MISTICO propone tomar un efecto clásico y aplicar esta teoría, pero antes comenta una idea de “Agua y Aceite”, pero a mi me parece, que siendo una buena idea, no se corresponden ambos fenómenos ya que el fenómeno químico, como el lo expone, no justifica el fenómeno mágico de separación de colores.

Tomando la muy buena idea de MISTICO, propongo pequeños cambios que justifiquen ambos fenómenos:
- Un frasco de agua con aceite.
- Tres cartas blancas que tengan escrito con plumón Rojo, “Agua” y tres cartas blancas que tengan escrito con plumón Negro, “Aceite”, ambos grupos de dorso Azul. Pueden tener escrito, si prefieres, las formulas químicas.

PRIMERO: Hablar acerca del fenómeno químico, mostrar el frasco y mostrar luego las formulas de ambos elementos (creo que con las formulas es mejor) en los naipes.
SEGUNDO: Mezclar los naipes y dejarlos en la mesa dorso hacia arriba.
TERCERO: Mezclar el frasco de agua y aceite agitándolo fuertemente con la mano, para dejarlo sobre los naipes que están en la mesa y contemplar como el fenómeno químico opera (momento mágico)
CUARTO: Separados el agua y el aceite del frasco, levantar las cartas y mostrar que el fenómeno mágico por lógica consecuencia también se a producido.

No se si explicar esta idea de efecto agua y aceite pasa a llevar alguna regla de este foro, si es así, pido las disculpas pertinentes, pero creo que era necesario ejemplificar y proseguir con la discusión.

Espero con estas extensas palabras, aclarar en algo, a Fran Gómez respecto de la Concepción Mágica Ficcional y soy conciente, a la vez, que es imposible comprender esta corriente en su totalidad sin escuchar al propio Gabi y estudiar sus trabajos, discutirlos y aplicarlos a la magia personal.

----------


## Mistico

¡Gracias Victor!

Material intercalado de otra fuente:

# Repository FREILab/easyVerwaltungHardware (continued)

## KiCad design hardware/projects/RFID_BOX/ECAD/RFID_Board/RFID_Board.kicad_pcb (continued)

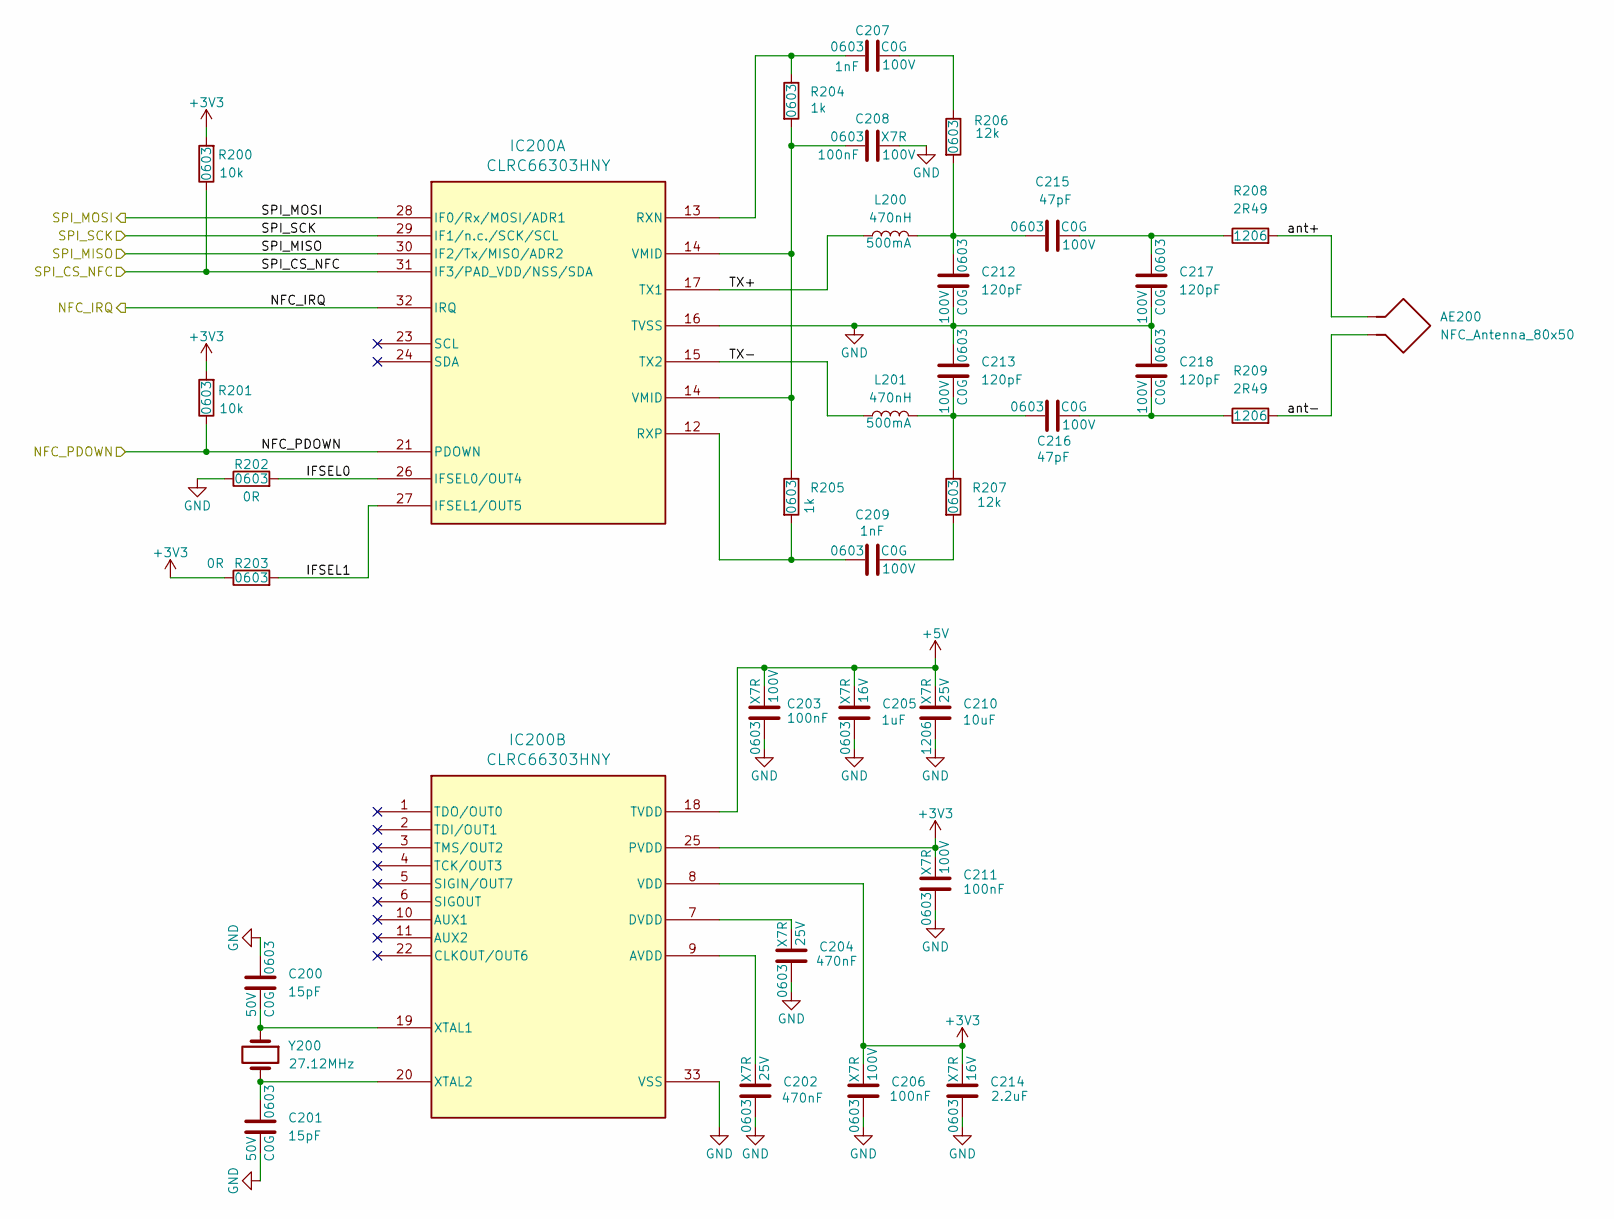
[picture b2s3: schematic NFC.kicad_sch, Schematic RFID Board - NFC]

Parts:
AE200: NFC_Antenna_80x50; NFC_Loop_80x50_5T
C200, C201: 15pF; C_0603_1608Metric; Voltage Rating 50V; Manufacturer Part Number 885012006052
C202, C204: 470nF; C_0603_1608Metric; Voltage Rating 25V; Manufacturer Part Number GRM188R71E474KA12D
C203, C206, C208, C211: 100nF; C_0603_1608Metric; Voltage Rating 100V; Manufacturer Part Number 885012206120
C205: 1uF; C_0603_1608Metric; Voltage Rating 16V; Manufacturer Part Number CGA3E1X7R1C105K080AC
C207, C209: 1nF; C_0603_1608Metric; Voltage Rating 100V; Manufacturer Part Number GCM1885C2A102JA16D
C210: 10uF; C_1206_3216Metric; Voltage Rating 25V; Manufacturer Part Number GRM31CR71E106KA12L
C212, C213, C217, C218: 120pF; C_0603_1608Metric; Voltage Rating 100V; Manufacturer Part Number GCM1885C2A121FA16J
C214: 2.2uF; C_0603_1608Metric; Voltage Rating 16V; Manufacturer Part Number GRM188Z71C225KE43J
C215, C216: 47pF; C_0603_1608Metric; Voltage Rating 100V; Manufacturer Part Number GCM1885C2A470FA16D
IC200: CLRC66303HNY; HVQFN-32-1EP_5x5mm_P0.5mm_EP3.1x3.1mm; Manufacturer Part Number CLRC66303HNY
L200, L201: 470nH; L_0603_1608Metric; Manufacturer Part Number LQW18CNR47J0HD
R200, R201: 10k; R_0603_1608Metric; Tolerance 1%; Manufacturer Part Number CRCW060310K0FKEAC
R202, R203: 0R; R_0603_1608Metric; Tolerance 1%; Manufacturer Part Number CRCW06030000Z0EBC
R204, R205: 1k; R_0603_1608Metric; Tolerance 1%; Manufacturer Part Number CRCW06031K00FKEAC
R206, R207: 12k; R_0603_1608Metric; Tolerance 1%; Manufacturer Part Number CRCW060312K0FKEAC
R208, R209: 2R49; R_1206_3216Metric; Tolerance 1%; Manufacturer Part Number CRCW12062R49FKEA
Y200: 27.12MHz; Y_XRCGB; Manufacturer Part Number XRCGB27M120F3M10R0

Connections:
+3V3: C206.2, C211.2, C214.2, IC200.8 (VDD), IC200.25 (PVDD), R200.2, R201.2, R203.1; also elsewhere on the board
+5V: C203.2, C205.2, C210.2, IC200.18 (TVDD); also elsewhere on the board
/NFC/IFSEL0: IC200.26 (IFSEL0/OUT4), R202.2
/NFC/IFSEL1: IC200.27 (IFSEL1/OUT5), R203.2
/NFC/TX+: IC200.17 (TX1), L200.1
/NFC/TX-: IC200.15 (TX2), L201.1
/NFC/ant+: AE200.1, R208.2
/NFC/ant-: AE200.2, R209.2
/NFC_IRQ: IC200.32 (IRQ); also elsewhere on the board
/NFC_PDOWN: IC200.21 (PDOWN), R201.1; also elsewhere on the board
/SPI_CS_NFC: IC200.31 (IF3/PAD_VDD/NSS/SDA), R200.1; also elsewhere on the board
/SPI_MISO: IC200.30 (IF2/Tx/MISO/ADR2); also elsewhere on the board
/SPI_MOSI: IC200.28 (IF0/Rx/MOSI/ADR1); also elsewhere on the board
/SPI_SCK: IC200.29 (IF1/n.c./SCK/SCL); also elsewhere on the board
GND: C200.1, C201.2, C202.1, C203.1, C204.1, C205.1, C206.1, C208.2, C210.1, C211.1, C212.2, C213.1, C214.1, C217.2, C218.1, IC200.16 (TVSS), IC200.33 (VSS), R202.1; also elsewhere on the board
unnamed: C207.2, R206.1
unnamed: C209.2, R207.2
unnamed: C212.1, C215.1, L200.2, R206.2
unnamed: C213.2, C216.1, L201.2, R207.1
unnamed: C215.2, C217.1, R208.1
unnamed: C216.2, C218.2, R209.1
unnamed: C207.1, IC200.13 (RXN), R204.1
unnamed: C209.1, IC200.12 (RXP), R205.2
unnamed: C208.1, IC200.14 (VMID), R204.2, R205.1
unnamed: C202.2, IC200.9 (AVDD)
unnamed: C204.2, IC200.7 (DVDD)
unnamed: C200.2, IC200.19 (XTAL1), Y200.1
unnamed: C201.1, IC200.20 (XTAL2), Y200.3

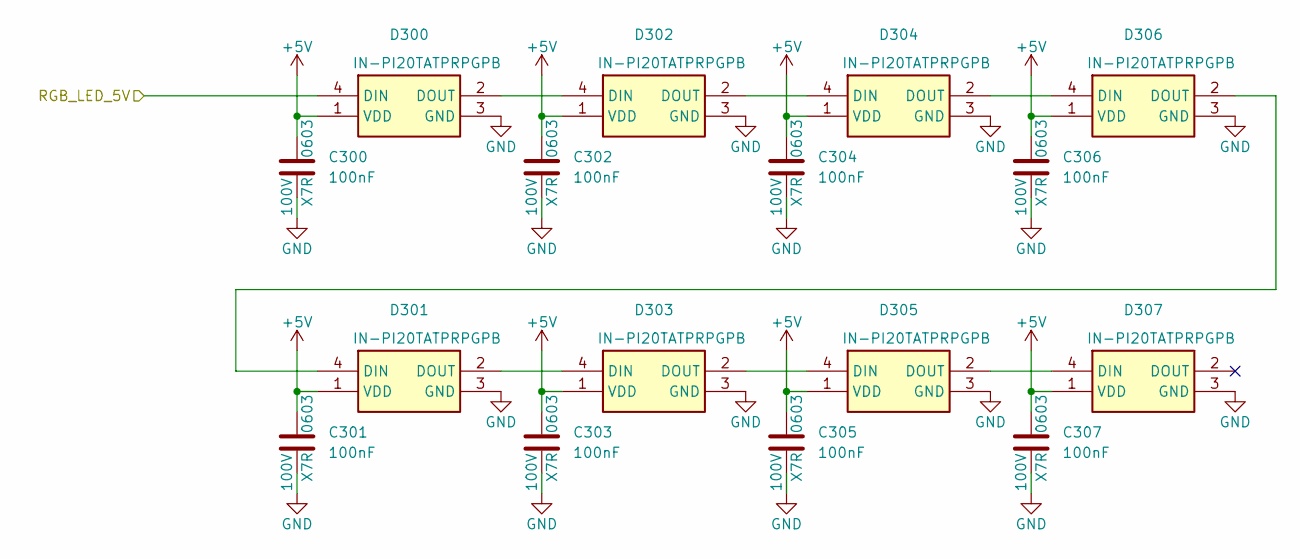
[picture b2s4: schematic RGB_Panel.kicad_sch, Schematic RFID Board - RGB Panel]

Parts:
C300, C301, C302, C303, C304, C305, C306, C307: 100nF; C_0603_1608Metric; Voltage Rating 100V; Manufacturer Part Number 885012206120
D300, D301, D302, D303, D304, D305, D306, D307: IN-PI20TATPRPGPB; LED_INPI20TATPRPGPB; Manufacturer Part Number IN-PI20TATPRPGPB

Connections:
+5V: C300.1, C301.1, C302.1, C303.1, C304.1, C305.1, C306.1, C307.1, D300.1 (VDD), D301.1 (VDD), D302.1 (VDD), D303.1 (VDD), D304.1 (VDD), D305.1 (VDD), D306.1 (VDD), D307.1 (VDD); also elsewhere on the board
/RGB_LED_5V: D300.4 (DIN); also elsewhere on the board
GND: C300.2, C301.2, C302.2, C303.2, C304.2, C305.2, C306.2, C307.2, D300.3 (GND), D301.3 (GND), D302.3 (GND), D303.3 (GND), D304.3 (GND), D305.3 (GND), D306.3 (GND), D307.3 (GND); also elsewhere on the board
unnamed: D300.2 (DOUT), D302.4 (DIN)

A mí me acabas de abrir un poco más los ojos, creo que comprendo mejor la idea. Ahora voy a meditar un poco sobre el tema antes de decir nada más, pero quería agradecerte el aporte.

Un saludo.

----------


## Fran Gomez

Lo mismo digo, Victor. ¡Muchisisimas gracias por la informacion! A ti, por supuesto, y a todos los que habeis participado en el hilo.

Ahora, a digerirlo..

----------


## Iban

A veces me cuesta leer posts tan largos, así que voy a intentar plasmar mis dudas lo más brevemente posible, para ver si voy entendiendo por buen camino.

- La magia realista presenta un efecto que no tiene explicación posible (o hay magia pura, o hay trampa oculta). Ejemplo: D&D.

- La magia narrativa presenta una historia paralela que ayuda a aceptar el efecto, haciéndolo más agradable, pero que no explica el suceso. Ejemplo: Lavand.

- La magia ficcional le da una explicación al espectador de porqué se produce el efecto, aunque pueda ser una explicación absurda (desde luego, lo que sí es es una explicación alejada de la explicación real). Ejemplo: pelotita de papel que flota por el humo.

Así, la diferencia entre la magia narrativa y la ficcional es que la primera es *metafórica*, y la segunda es *explicativa*. Por lo tanto, y para mí, se plantee como se plantee, el "agua y aceite" es magia narrativa, y ni de lejos ficcional. Las cartas no son agua y aceite, son cartas. Podríamos convertirla en ficcional si fuesen cartas de dorsos azules y dorsos rojos, y argumentásemos que los colores tienen diferente densidad, y diferente peso. Pero con la analogía del agua y aceite, es magia narrativa.

----------


## Kiko

> Así, la diferencia entre la magia narrativa y la ficcional es que la primera es *metafórica*, y la segunda es *explicativa*. Por lo tanto, y para mí, se plantee como se plantee, el "agua y aceite" es magia narrativa, y ni de lejos ficcional. Las cartas no son agua y aceite, son cartas. Podríamos convertirla en ficcional si fuesen cartas de dorsos azules y dorsos rojos, y argumentásemos que los colores tienen diferente densidad, y diferente peso. Pero con la analogía del agua y aceite, es magia narrativa.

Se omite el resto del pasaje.